Selanjutnya dibangun lagi jalan utama yang menghubungkan Quba di sebelah selatan dan oase Suneh di sebelah utara. Tatkala penduduk membangun rumah di sepanjang dua sisi jalan-jalan utama tersebut, Madinah mulai menampakkan diri sebagai suatu kota yang tertata rapih.

Dalam perjanjian sebelumnya disepakati bahwa Rasulullah berhak sepenuhnya atas setiap tanah kosong di Madinah. Oleh karena itu, beliau membagi-bagikan tanah kepada sahabat yang membutuhkan dengan syarat harus membangun rumah atau menggarapnya sebagai lahan pertanian atau peternakan. Dengan mengfungsionalkan tanah-tanah kosong, maka antara satu oase dengan lainnya sudah saling bersambung.

Rasulullah menghargai tata kota yang baik. Ketika nyata bahwa salah satu jalan utama melintasi telaga Muzainab dan menghambat kelancaran lalu lintas Madinah, maka beliau memerintahkan pembangunan jembatan di atasnya.

Rasulullah menyenangi kebersihan. Beliau tidak segan untuk turun tangan membersihkan lingkungannya dari kotoran dan sampah. Kediaman Rasulullah sendiri adalah lambang kebersihan. Komentar beliau,”Beginilah cara hidup muslim yang sejati. Jangan biarkan kotoran bertebaran di sekitarmu”.

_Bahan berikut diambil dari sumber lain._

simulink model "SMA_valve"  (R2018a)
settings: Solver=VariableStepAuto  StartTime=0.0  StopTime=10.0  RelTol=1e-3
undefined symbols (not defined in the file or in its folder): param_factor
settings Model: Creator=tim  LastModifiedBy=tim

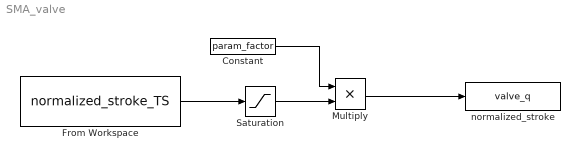
== system SMA_valve ==
  Constant : Constant  Value=param_factor
  From Workspace : FromWorkspace  VariableName=normalized_stroke_TS  SampleTime=0
  Multiply : Product
  Saturation : Saturate  UpperLimit=1  LowerLimit=0
  normalized_stroke : ToWorkspace  VariableName=valve_q  SampleTime=-1
  wires:
  From Workspace/1 -> Saturation/1
  Saturation/1 -> Multiply/2
  Constant/1 -> Multiply/1
  Multiply/1 -> normalized_stroke/1
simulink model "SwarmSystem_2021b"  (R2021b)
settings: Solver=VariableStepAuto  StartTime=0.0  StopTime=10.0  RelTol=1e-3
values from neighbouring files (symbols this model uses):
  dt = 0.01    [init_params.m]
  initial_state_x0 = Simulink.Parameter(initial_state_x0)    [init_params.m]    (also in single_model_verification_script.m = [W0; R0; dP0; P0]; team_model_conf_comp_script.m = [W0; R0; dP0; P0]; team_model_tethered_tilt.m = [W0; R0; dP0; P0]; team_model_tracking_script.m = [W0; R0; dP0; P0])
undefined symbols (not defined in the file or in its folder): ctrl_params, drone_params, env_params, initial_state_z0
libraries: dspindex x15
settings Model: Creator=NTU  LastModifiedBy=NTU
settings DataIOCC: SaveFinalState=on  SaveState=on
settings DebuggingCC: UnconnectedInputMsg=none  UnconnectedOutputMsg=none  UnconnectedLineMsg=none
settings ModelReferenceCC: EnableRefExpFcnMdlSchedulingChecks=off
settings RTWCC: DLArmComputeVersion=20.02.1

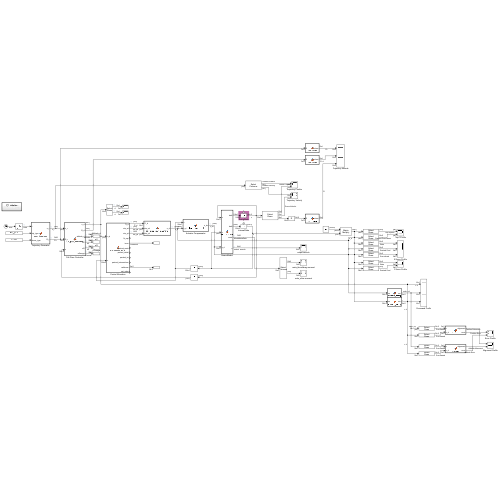
[thumbnail: Simulink's stored preview of the top-level diagram]
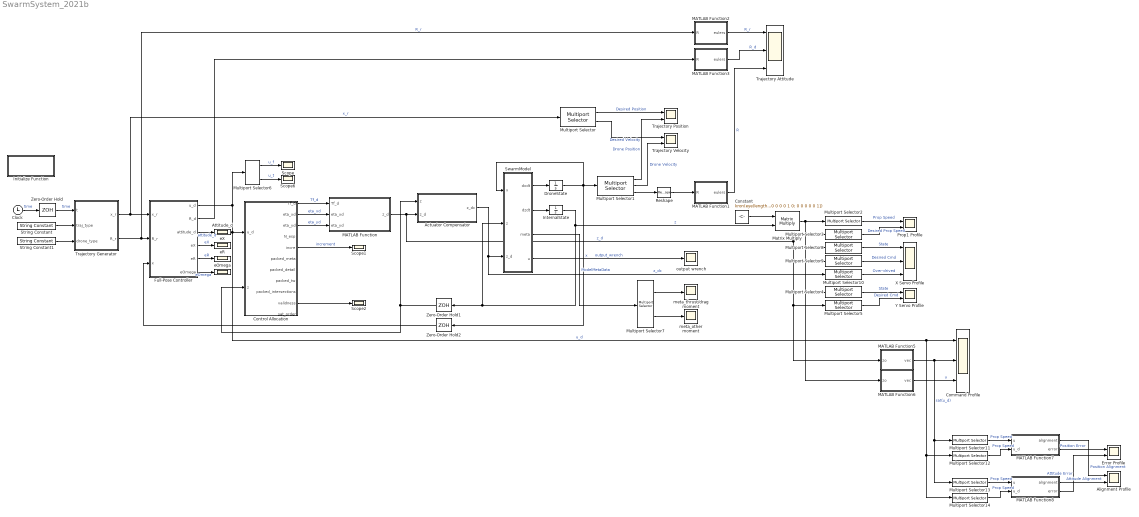
== system SwarmSystem_2021b ==
  Actuator Compensator : MATLAB Function  TreatAsAtomicUnit=on
  Alignment Profile : Scope  NumInputPorts=2
  Attitude_d : Scope
  Clock : Clock
  Command Profile : Scope  NumInputPorts=3
  Constant : Constant  Value=kron(eye(length(drone_params.psi)), [1 0 0 0 0 0;0 0 1 0 0 0; 0 0 0 0 1 0; 0 0 0 0 0 1])  VectorParams1D=off
  Control Allocation : MATLAB Function  TreatAsAtomicUnit=on
  DroneState : Integrator  InitialCondition=zeros([18 1])  ContinuousStateAttributes='x'
  Error Profile : Scope  NumInputPorts=2
  Full-Pose Controller : MATLAB Function  TreatAsAtomicUnit=on
  Initialize Function : Subsystem  TreatAsAtomicUnit=on
  InternalState : Integrator  InitialCondition=zeros([6*length(drone_params.psi) 1])  ContinuousStateAttributes='z'
  MATLAB Function : MATLAB Function  TreatAsAtomicUnit=on
  MATLAB Function1 : MATLAB Function  TreatAsAtomicUnit=on
  MATLAB Function2 : MATLAB Function  TreatAsAtomicUnit=on
  MATLAB Function3 : MATLAB Function  TreatAsAtomicUnit=on
  MATLAB Function5 : MATLAB Function  TreatAsAtomicUnit=on
  MATLAB Function6 : MATLAB Function  TreatAsAtomicUnit=on
  MATLAB Function7 : MATLAB Function  TreatAsAtomicUnit=on
  MATLAB Function8 : MATLAB Function  TreatAsAtomicUnit=on
  Matrix Multiply : Product  Multiplication=Matrix(*)
  Multiport Selector : dspindex/Multiport Selector  rowsOrCols=Columns  idxCellArray={ 1, 2 }  idxErrMode=Clip Index
  Multiport Selector1 : dspindex/Multiport Selector  rowsOrCols=Rows  idxCellArray={ [16:18], [13:15], [4:12] }  idxErrMode=Clip Index
  Multiport Selector10 : dspindex/Multiport Selector  rowsOrCols=Rows  idxCellArray={ [4 8 12 16 20 24 28 32 36]-3 }  idxErrMode=Clip Index
  Multiport Selector11 : dspindex/Multiport Selector  rowsOrCols=Rows  idxCellArray={ [1:3]}  idxErrMode=Clip Index
  Multiport Selector12 : dspindex/Multiport Selector  rowsOrCols=Rows  idxCellArray={ [1:3]}  idxErrMode=Clip Index
  Multiport Selector13 : dspindex/Multiport Selector  rowsOrCols=Rows  idxCellArray={ [4:6]}  idxErrMode=Clip Index
  Multiport Selector14 : dspindex/Multiport Selector  rowsOrCols=Rows  idxCellArray={ [4:6]}  idxErrMode=Clip Index
  Multiport Selector2 : dspindex/Multiport Selector  rowsOrCols=Rows  idxCellArray={ [4 8 12 16 20 24 28 32 36]-1 }  idxErrMode=Clip Index
  Multiport Selector3 : dspindex/Multiport Selector  rowsOrCols=Rows  idxCellArray={ [4 8 12 16 20 24 28 32 36]-1 }  idxErrMode=Clip Index
  Multiport Selector4 : dspindex/Multiport Selector  rowsOrCols=Rows  idxCellArray={ [4 8 12 16 20 24 28 32 36]-2 }  idxErrMode=Clip Index
  Multiport Selector5 : dspindex/Multiport Selector  rowsOrCols=Rows  idxCellArray={ [4 8 12 16 20 24 28 32 36]-2 }  idxErrMode=Clip Index
  Multiport Selector6 : dspindex/Multiport Selector  rowsOrCols=Rows  idxCellArray={ [1:3], [4:6] }  idxErrMode=Clip Index
  Multiport Selector7 : dspindex/Multiport Selector  rowsOrCols=Columns  idxCellArray={ [1:2], [3:5]}  idxErrMode=Clip Index
  Multiport Selector8 : dspindex/Multiport Selector  rowsOrCols=Rows  idxCellArray={ [4 8 12 16 20 24 28 32 36]-3 }  idxErrMode=Clip Index
  Multiport Selector9 : dspindex/Multiport Selector  rowsOrCols=Rows  idxCellArray={ [4 8 12 16 20 24 28 32 36]-3 }  idxErrMode=Clip Index
  Prop1 Profile : Scope  NumInputPorts=2
  Reshape : Reshape  OutputDimensionality=Customize  OutputDimensions=[3,3]
  Scope{,1..2,6} (4 alike) : Scope
  String Constant : StringConstant  String=traj_type
  String Constant1 : StringConstant  String="\"team\""
  SwarmModel : MATLAB Function  TreatAsAtomicUnit=on
  Trajectory Attitude : Scope  NumInputPorts=3
  Trajectory Generator : MATLAB Function  TreatAsAtomicUnit=on
  Trajectory Position : Scope  NumInputPorts=2
  Trajectory Velocity : Scope  NumInputPorts=2
  X Servo Profile : Scope  NumInputPorts=3
  Y Servo Profile : Scope  NumInputPorts=2
  Zero-Order Hold : ZeroOrderHold  SampleTime=dt
  Zero-Order Hold1 : ZeroOrderHold  SampleTime=dt
  Zero-Order Hold2 : ZeroOrderHold  SampleTime=dt
  eOmega : Scope
  eR : Scope
  eX : Scope
  meta_other moment : Scope
  meta_thrust/drag moment : Scope
  output wrench : Scope
  wires:
  SwarmModel/1(dxdt) -> DroneState/1
  Clock/1 -> Zero-Order Hold/1  "time"
  Trajectory Generator/1(x_r) -> Multiport Selector/1, Full-Pose Controller/1(x_r)  "x_r"
  Trajectory Generator/2(R_r) -> MATLAB Function2/1(R), Full-Pose Controller/2(R_r)  "R_r"
  Multiport Selector/1 -> Trajectory Position/1  "Desired Position"
  Multiport Selector1/1 -> Trajectory Position/2  "Drone Position"
  Multiport Selector1/2 -> Trajectory Velocity/2  "Drone Velocity"
  Multiport Selector/2 -> Trajectory Velocity/1  "Desired Velocity"
  Multiport Selector2/1 -> Prop1 Profile/1  "Prop Speed"
  SwarmModel/2(dzdt) -> InternalState/1
  Control Allocation/1(Tf_d) -> MATLAB Function/1(Tf_d)  "Tf_d"
  Control Allocation/2(eta_xd) -> MATLAB Function/2(eta_xd)  "eta_xd"
  Control Allocation/3(eta_yd) -> MATLAB Function/3(eta_yd)  "eta_yd"
  MATLAB Function/1(z_d) -> Multiport Selector3/1, MATLAB Function5/1(zo), Multiport Selector5/1, Multiport Selector9/1, Actuator Compensator/2(z_d)  "z_d"
  DroneState/1 -> SwarmModel/1(x), Zero-Order Hold2/1, Multiport Selector1/1  "x"
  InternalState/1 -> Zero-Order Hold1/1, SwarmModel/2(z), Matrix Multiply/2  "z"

Dalam masyarakat Madinah tidak dibenarkan ada pengangguran. Rasulullah sangat tidak senang kepada orang-orang pemalas bahkan benci kepada pengemis kecuali jika benar-benar tidak mampu bekerja karena cacat tubuh. Beliau menpersyaratkan agar para pengemis tidak berseliweran di tempat-tempat umum, biar masyarakatlah yang mengantarkan makanan kepada mereka.

Komentar penulis
Saat saya mengunjungi kota Madinah, saya mengakui kerapian tata kota tersebut, apalagi dibandingkan dengan kota Makkah. Saya salut kepada Rasulullah s.a.w yang telah meletakkan dasar-dasar tata kota yang teratur dan saya pun mengakui kejeniusan beliau sebagai seorang manusia dalam konteks pembangunan perkotaan.
Wal Allahu ‘alam.

SIRAH NABAWIYAH 2 tentang Nabi sebagai agen perubahan

Tulisan ini merupakan sedikit cuplikan dari tulisan Prof.Dr. Husein Mu’nis yang berjudul “Al-Sirah Al-Nabawiyah. Upaya reformasi sejarah perjuangan Nabi Muhammad s.a.w” yang terjemahannya diterbitkan oleh Penerbit Adigna Media Utama. Jakarta, tahun terbit cetakan pertama adalah 1999. Tulisan ini sambungan dari Sirah Nabawiyah 1 tentang kepribadian Nabi.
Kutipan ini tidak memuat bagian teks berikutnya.